So wie Du es gezeichnet hast, hätte ich vermutet dass es sein soll. Motor und Kompressor bilden mit ihren Schwenkpunkten ein Parallelogramm. Wenn dieses gut ausgeführt ist, was ich mangels Anschauungsmaterial nicht überprüfen kann, verändert sich dabei die Riemenspannung nicht. Soweit die Theorie.

Wieso neigt sich Deine Motorgetriebekombination bei Rückwärtskurven Fahrt so arg, relativ zum Rahmen Ich muss zugeben darauf habe ich bisher noch kein Augenmerk gelegt. Dies ist doch ohne Verwindung des Rahmens kaum möglich, da die hintere Lagerung ja kein Kippen zuläßt.
 
Hallo Jürgen,

auf dem Bild gucke ich in Fahrtrichtung. Also Kompressor rechts.

Wenn sich der Motor in seiner Lage relativ zum Rahmen verändert, dann tut er das seitlich ohne seine lotrechte Lage zu verlassen. Über die Verbindungsstange oben versucht er dann zwar den Kompressor "mitzunehmen", der aber ist unten am Rahmen schwenkend gelagert und damit in seiner Lageänderung behindert. Deshalb kann die Stange nur etwa die Hälfte der notwendigen Korrektur bewirken.

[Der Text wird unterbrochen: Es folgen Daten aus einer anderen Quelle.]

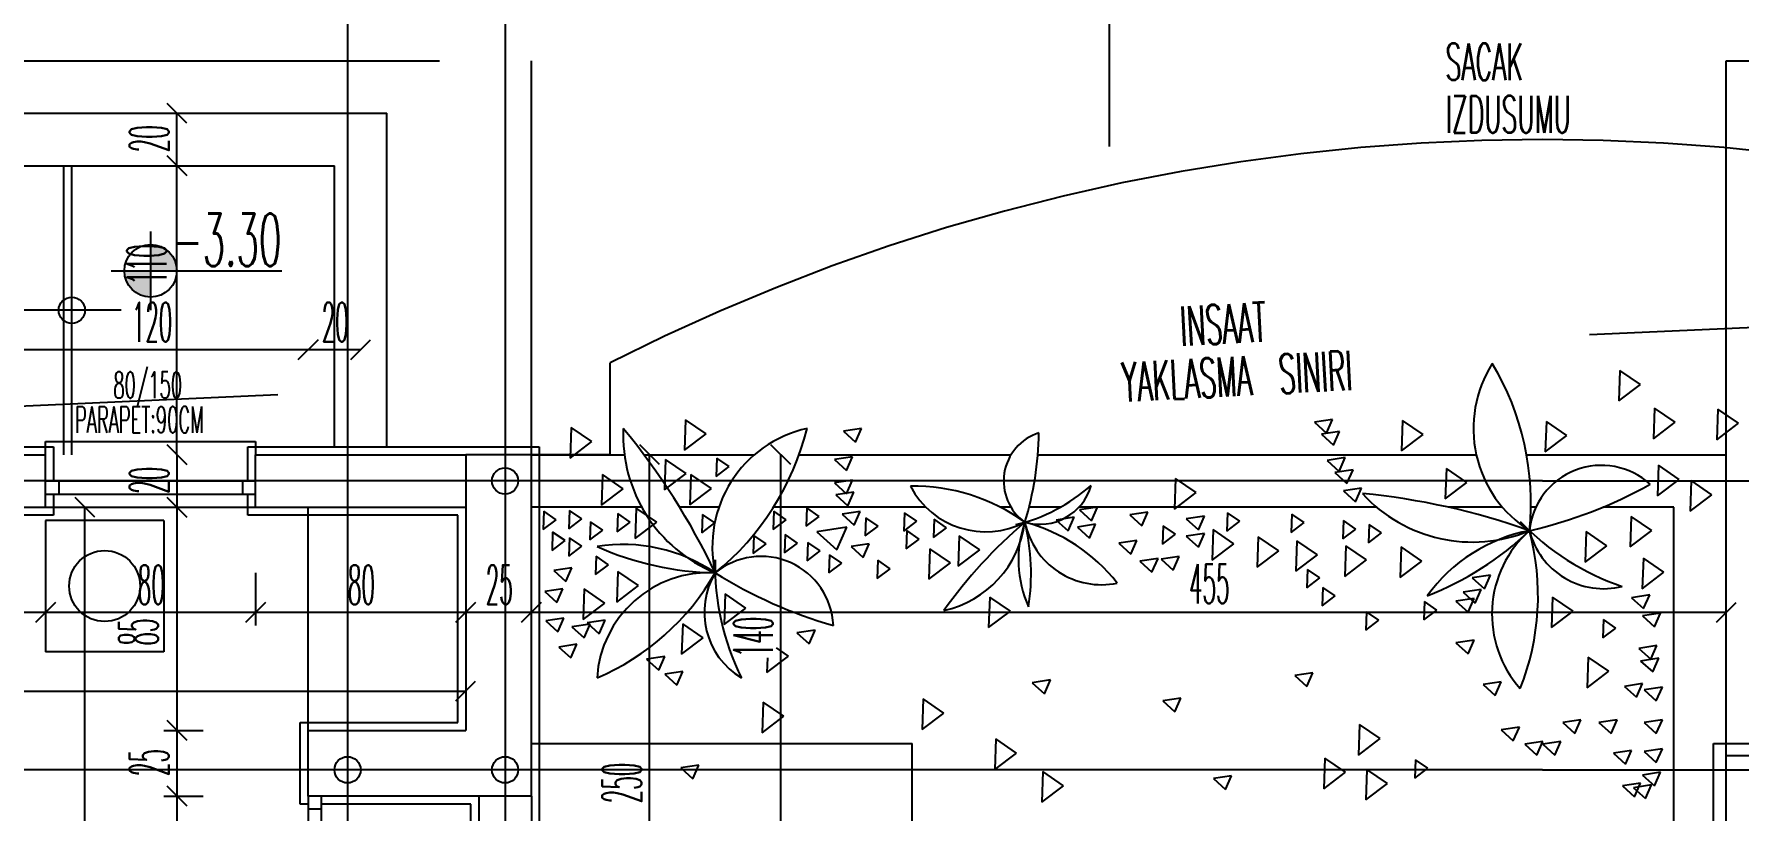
# Model space of a CAD drawing. Extents: x 78 to 306, y -397 to 18.
# Drawn here: x 271.9423 to 272.0721, y -396.4847 to -396.4255 of the extents above; entities that cross this region are included whole.
import ezdxf

# ---------------------------------------------------------------- set-up
doc = ezdxf.new("R2010")
doc.units = 0
doc.header["$LTSCALE"] = 0.5
doc.header["$MEASUREMENT"] = 0
for name, pattern in [('DASHDOT2', [0.5, 0.25, -0.125, 0, -0.125]), ('DASHED', [0.75, 0.5, -0.25]), ('DOT2', [0.125, 0, -0.125])]:
    doc.linetypes.add(name, pattern=pattern)
doc.layers.get('0').update_dxf_attribs({"linetype": 'CONTINUOUS'})
for name, color, linetype in [('AKS', 5, 'DASHDOT2'), ('ASHADE', 7, 'CONTINUOUS'), ('DUVAR', 6, 'CONTINUOUS'), ('INS.YAKL.', 30, 'CONTINUOUS'), ('IZDUSUM', 2, 'DOT2'), ('KAPI', 1, 'CONTINUOUS'), ('KOLON', 4, 'CONTINUOUS'), ('MERDIVEN', 3, 'CONTINUOUS'), ('OLCU', 31, 'CONTINUOUS'), ('SIVA', 7, 'CONTINUOUS'), ('TARAMA', 8, 'CONTINUOUS'), ('TEFRIS', 11, 'CONTINUOUS'), ('YESIL', 73, 'CONTINUOUS')]:
    doc.layers.add(name, color=color, linetype=linetype)
doc.styles.add('ICMEKAN', font='romans.shx', dxfattribs={"width": 0.55, "height": 0.2})
doc.styles.add('OLCU', font='romans.shx', dxfattribs={"width": 0.6, "height": 0.125})
doc.styles.add('OLCUIC', font='ROMANS.SHX', dxfattribs={"width": 0.4, "height": 0.15})

msp = doc.modelspace()

# ---------------------------------------------------------------- hatches: boundary and pattern name
at = {"layer": 'MERDIVEN'}
h = msp.add_hatch(color=256, dxfattribs=at)
h.paths.add_polyline_path([(271.951143941935, -396.4415598737721), (271.951143941935, -396.4435598737721), (271.953143941935, -396.4435598737721, 0.4142135623730743)])
h.paths.add_polyline_path([(271.951143941935, -396.4455598737721), (271.951143941935, -396.4435598737721), (271.949143941935, -396.4435598737721, 0.4142135623730743)])

# ---------------------------------------------------------------- linework, layer by layer
at = {"color": 0, "linetype": 'ByBlock'}
for p, q in [((271.9538939419353, -396.4323098737721), (271.9523939419353, -396.4308098737721)), ((271.9523939419353, -396.4348098737721), (271.9538939419353, -396.4363098737721)), ((271.9538939419353, -396.4363098737721), (271.9523939419353, -396.4348098737721)), ((271.963893941935, -396.4488098737721), (271.962393941935, -396.4503098737721)), ((271.962393941935, -396.4503098737721), (271.963893941935, -396.4488098737721)), ((271.966393941935, -396.4503098737721), (271.967893941935, -396.4488098737721)), ((271.953893941935, -396.4583098737721), (271.952393941935, -396.4568098737721)), ((271.9523939419353, -396.4568098737721), (271.9538939419353, -396.4583098737721)), ((271.989893941935, -396.4583098737721), (271.988393941935, -396.4568098737721)), ((271.999893941935, -396.4583098737721), (271.998393941935, -396.4568098737721)), ((271.946893941935, -396.4623098737721), (271.945393941935, -396.4608098737721)), ((271.953893941935, -396.4623098737721), (271.952393941935, -396.4608098737721)), ((271.952393941935, -396.4608098737721), (271.953893941935, -396.4623098737721)), ((271.943893941935, -396.4688098737721), (271.942393941935, -396.4703098737721)), ((271.942393941935, -396.4703098737721), (271.943893941935, -396.4688098737721)), ((271.959893941935, -396.4688098737721), (271.958393941935, -396.4703098737721)), ((271.958393941935, -396.4703098737721), (271.959893941935, -396.4688098737721)), ((271.975893941935, -396.4688098737721), (271.974393941935, -396.4703098737721)), ((271.974393941935, -396.4703098737721), (271.975893941935, -396.4688098737721)), ((271.980893941935, -396.4688098737721), (271.979393941935, -396.4703098737721)), ((271.979393941935, -396.4703098737721), (271.980893941935, -396.4688098737721)), ((272.070393941935, -396.4703098737721), (272.071893941935, -396.4688098737721)), ((271.974393941935, -396.4763098737721), (271.975893941935, -396.4748098737721)), ((271.953893941935, -396.4793098737721), (271.952393941935, -396.4778098737721)), ((271.952393941935, -396.4778098737721), (271.953893941935, -396.4793098737721)), ((271.953893941935, -396.4843098737721), (271.952393941935, -396.4828098737721)), ((271.952393941935, -396.4828098737721), (271.953893941935, -396.4843098737721))]:
    msp.add_line(p, q, dxfattribs=at)
at = {"layer": 'AKS'}
for p, q in [((271.9661439419351, -396.3715598737721), (271.9661439419351, -396.8395598737721)), ((272.0071439419351, -396.8395598737721), (272.0071439419351, -396.3715598737721)), ((272.0571439419351, -396.8395598737721), (272.0571439419351, -396.3715598737721)), ((271.9781439419351, -396.3755598737721), (271.9781439419351, -396.8355598737721)), ((272.0141439419351, -396.8355598737721), (272.0141439419351, -396.3755598737721)), ((272.0681439419351, -396.8355598737721), (272.0681439419351, -396.3755598737721)), ((272.0571439419351, -396.4595598737721), (271.7611439419359, -396.4595598737721)), ((272.0571439419351, -396.4595598737721), (272.3531439419343, -396.4595598737721)), ((272.0571439419351, -396.4815598737721), (271.7611439419359, -396.4815598737721)), ((272.0571439419351, -396.4815598737721), (272.3531439419343, -396.4815598737721))]:
    msp.add_line(p, q, dxfattribs=at)
at = {"layer": 'ASHADE'}
for centre in [(271.9781439419351, -396.4595598737721), (271.9661439419351, -396.4815598737721), (271.9781439419351, -396.4815598737721)]:
    msp.add_circle(centre, 0.0009999999999999432, dxfattribs=at)
at = {"layer": 'DUVAR'}
for p, q in [((271.9091439419381, -396.4575598737758), (271.9431439419386, -396.4575598737758)), ((271.9431439419386, -396.461559873774), (271.9431439419386, -396.4575598737756)), ((271.9591439419388, -396.4575598737758), (271.9751439419353, -396.4575598737758)), ((271.9591439419388, -396.461559873774), (271.9591439419388, -396.4575598737759)), ((271.9091439419381, -396.4615598737758), (271.9431439419386, -396.4615598737758)), ((271.9591439419388, -396.4615598737758), (271.9751439419353, -396.4615598737758)), ((271.9761439419288, -396.4835598737721), (271.976143941929, -396.5095598737758)), ((271.9801439419288, -396.4835598737721), (271.980143941929, -396.5075598737721))]:
    msp.add_line(p, q, dxfattribs=at)
at = {"layer": 'INS.YAKL.', "linetype": 'DASHED', "ltscale": 0.5}
msp.add_line((271.8359697311724, -396.4586667860456), (272.2511439419359, -396.4397362132731), dxfattribs=at)
at = {"layer": 'IZDUSUM', "ltscale": 0.6}
for p, q in [((271.8731439419373, -396.4275598737758), (271.9801439419273, -396.4275598737758)), ((271.9801439419281, -396.4575598737721), (271.9801439419273, -396.4275598737758)), ((271.944543941935, -396.4575598737758), (271.944543941935, -396.4355598737721)), ((271.9801439419353, -396.4795598737797), (272.0091439419347, -396.4795598737797)), ((272.0091439419348, -396.4855598737721), (272.0091439419347, -396.4795598737789)), ((272.070143941935, -396.4795598737676), (272.070143941935, -396.4855598737721)), ((272.0701737502877, -396.4795598737957), (272.1061439419351, -396.4795598737966)), ((272.071143941935, -396.4855598737721), (272.071143941935, -396.4804933958647)), ((272.1051439419357, -396.4804933958864), (272.0711737502878, -396.4804933958876))]:
    msp.add_line(p, q, dxfattribs=at)
at = {"layer": 'IZDUSUM'}
for p, q in [((271.9861439419353, -396.4575598737763), (271.9861439419349, -396.4505598737721)), ((271.9861439419356, -396.4575598737763), (271.9861439419354, -396.4552997095516)), ((271.9861439419354, -396.4575598737763), (271.9801439419283, -396.4575598737769))]:
    msp.add_line(p, q, dxfattribs=at)
at = {"layer": 'IZDUSUM', "ltscale": 0.6}
for centre, start, end in [((272.0571299180958, -396.5902660095654), 89.99487252489386, 116.9355436543225), ((272.0571579657748, -396.5902660095654), 63.06445634567752, 90.00512747510615)]:
    msp.add_arc(centre, 0.1567061364139614, start, end, dxfattribs=at)
at = {"layer": 'KAPI', "ltscale": 1.4}
for p, q in [((272.0711439419351, -396.4275598737905), (272.1051439419351, -396.4275598737905)), ((272.0711439419351, -396.4575598737906), (272.0711439419351, -396.4275598737905)), ((271.9801439419351, -396.4575598737813), (271.9872323362436, -396.4575598737809)), ((271.9887182809144, -396.4575598737808), (271.9971439419255, -396.4575598737803)), ((272.0005346613618, -396.4575598737801), (272.0166771379439, -396.4575598737791)), ((272.0187208851739, -396.457559873779), (272.0521061100302, -396.457559873777)), ((272.055939216217, -396.4575598737813), (272.071143941935, -396.4575598737813)), ((272.071143941935, -396.4855598737721), (272.071143941935, -396.4575598737721)), ((272.071143941935, -396.4855598737813), (272.071143941935, -396.4575598737813)), ((271.9885519796124, -396.4615598737721), (271.980143941935, -396.4615598737721)), ((271.994426144048, -396.4615598737721), (271.991435124103, -396.4615598737721)), ((272.0101988346145, -396.4615598737721), (271.9985795377092, -396.4615598737721)), ((272.0166695943862, -396.4615598737721), (272.0158685177086, -396.4615598737721)), ((272.0204393251479, -396.4615598737721), (272.0180493905336, -396.4615598737721)), ((272.0445197981451, -396.4615598737721), (272.0218379637935, -396.4615598737721)), ((272.0541007742487, -396.4615598737721), (272.0499890395346, -396.4615598737721)), ((272.0566438681275, -396.4615598737721), (272.0562649413315, -396.4615598737721)), ((272.067143941935, -396.4615598737721), (272.0617436443225, -396.4615598737721)), ((272.067143941935, -396.4855598737721), (272.067143941935, -396.4615598737721))]:
    msp.add_line(p, q, dxfattribs=at)
at = {"layer": 'KAPI', "linetype": 'DASHED', "ltscale": 0.4}
msp.add_line((272.0241439419351, -396.6315598737721), (272.0241439419351, -396.4320840608356), dxfattribs=at)
at = {"layer": 'KAPI'}
for p, q in [((271.9431439419357, -396.4575598737759), (271.9431439419357, -396.4565598737758)), ((271.9431439419357, -396.4565598737758), (271.9591439419359, -396.4565598737758)), ((271.9591439419359, -396.4565598737758), (271.9591439419359, -396.4575598737759)), ((271.9431439419357, -396.459559873776), (271.9591439419359, -396.459559873776)), ((271.9431439419357, -396.460559873776), (271.9591439419359, -396.460559873776)), ((271.9441439419357, -396.459559873776), (271.9441439419357, -396.460559873776)), ((271.9581439419358, -396.459559873776), (271.9581439419358, -396.460559873776)), ((271.9431439419357, -396.4615598737758), (271.9591439419359, -396.4615598737758)), ((271.9631439419329, -396.4835598737813), (271.9631439419355, -396.5095598737758)), ((271.9641439419329, -396.4835598737813), (271.9641439419355, -396.5095598737757)), ((271.9641439419391, -396.484559873773), (271.9631439419391, -396.484559873773))]:
    msp.add_line(p, q, dxfattribs=at)
at = {"layer": 'KOLON', "linetype": 'DASHED', "ltscale": 0.4}
msp.add_line((272.024143941935, -396.4025598737721), (272.024143941935, -396.4340840608355), dxfattribs=at)
at = {"layer": 'KOLON'}
for p, q in [((271.9801439419351, -396.4575598737813), (271.9751439419351, -396.4575598737813)), ((271.9751439419351, -396.4575598737813), (271.9751439419351, -396.4785598737849)), ((271.9801439419351, -396.4835598737813), (271.9801439419351, -396.4575598737813)), ((271.9631439419352, -396.4835598737813), (271.9631439419352, -396.4785598737843)), ((271.9631439419352, -396.4785598737843), (271.9751439419351, -396.4785598737849)), ((271.9801439419286, -396.4835598737813), (271.9631439419352, -396.4835598737813))]:
    msp.add_line(p, q, dxfattribs=at)
at = {"layer": 'MERDIVEN'}
for p, q in [((271.8551442884403, -396.4315598737721), (271.969143941935, -396.4315598737721)), ((271.969143941935, -396.4569598737758), (271.969143941935, -396.4315598737721)), ((271.8551442884403, -396.4355598737721), (271.965143941935, -396.4355598737721)), ((271.965143941935, -396.4569598737758), (271.965143941935, -396.4355598737721)), ((271.951143941935, -396.4405598737721), (271.951143941935, -396.4465598737721)), ((271.948143941935, -396.4435598737721), (271.961143941935, -396.4435598737721))]:
    msp.add_line(p, q, dxfattribs=at)
msp.add_circle((271.951143941935, -396.4435598737721), 0.002000000000000029, dxfattribs=at)
at = {"layer": 'OLCU', "linetype": 'ByBlock'}
for p, q in [((271.9531439419353, -396.4355598737721), (271.9531439419353, -396.4315598737721)), ((271.9531439419353, -396.4575598737721), (271.9531439419353, -396.4355598737721))]:
    msp.add_line(p, q, dxfattribs=at)
at = {"layer": 'OLCU', "ltscale": 1.4}
for p, q in [((271.939143941935, -396.4495598737721), (271.963143941935, -396.4495598737721)), ((271.963143941935, -396.4495598737721), (271.967143941935, -396.4495598737721)), ((271.953143941935, -396.4575598737721), (271.953143941935, -396.4615598737721)), ((271.989143941935, -396.5075598737721), (271.989143941935, -396.4575598737721)), ((271.999143941935, -396.4855598737721), (271.999143941935, -396.4575598737721)), ((271.946143941935, -396.5295598737721), (271.946143941935, -396.4615598737721)), ((271.953143941935, -396.4615598737721), (271.953143941935, -396.4785598737721)), ((271.943143941935, -396.4665598737721), (271.943143941935, -396.4705598737721)), ((271.959143941935, -396.4665598737721), (271.959143941935, -396.4705598737721)), ((271.872143941935, -396.4695598737721), (271.981143941935, -396.4695598737721)), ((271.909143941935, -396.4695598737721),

Und es ist tatsächlich so, jedenfalls habe ich das schon oft, auch bei anderen 411ern beobachtet: Der Lenkeinschlag führt schon zu deutlich sichtbaren Rahmenbewegungen. Wenn dann noch die Lenkkräfte gegenüber dem Untergrund dazukommen, werden diese Bewegungen zusätzlich verstärkt oder ausgeglichen, je nach Orientierung von Lenkeinschlag rechts oder links und Fahrtrichtung vor- oder rückwärts.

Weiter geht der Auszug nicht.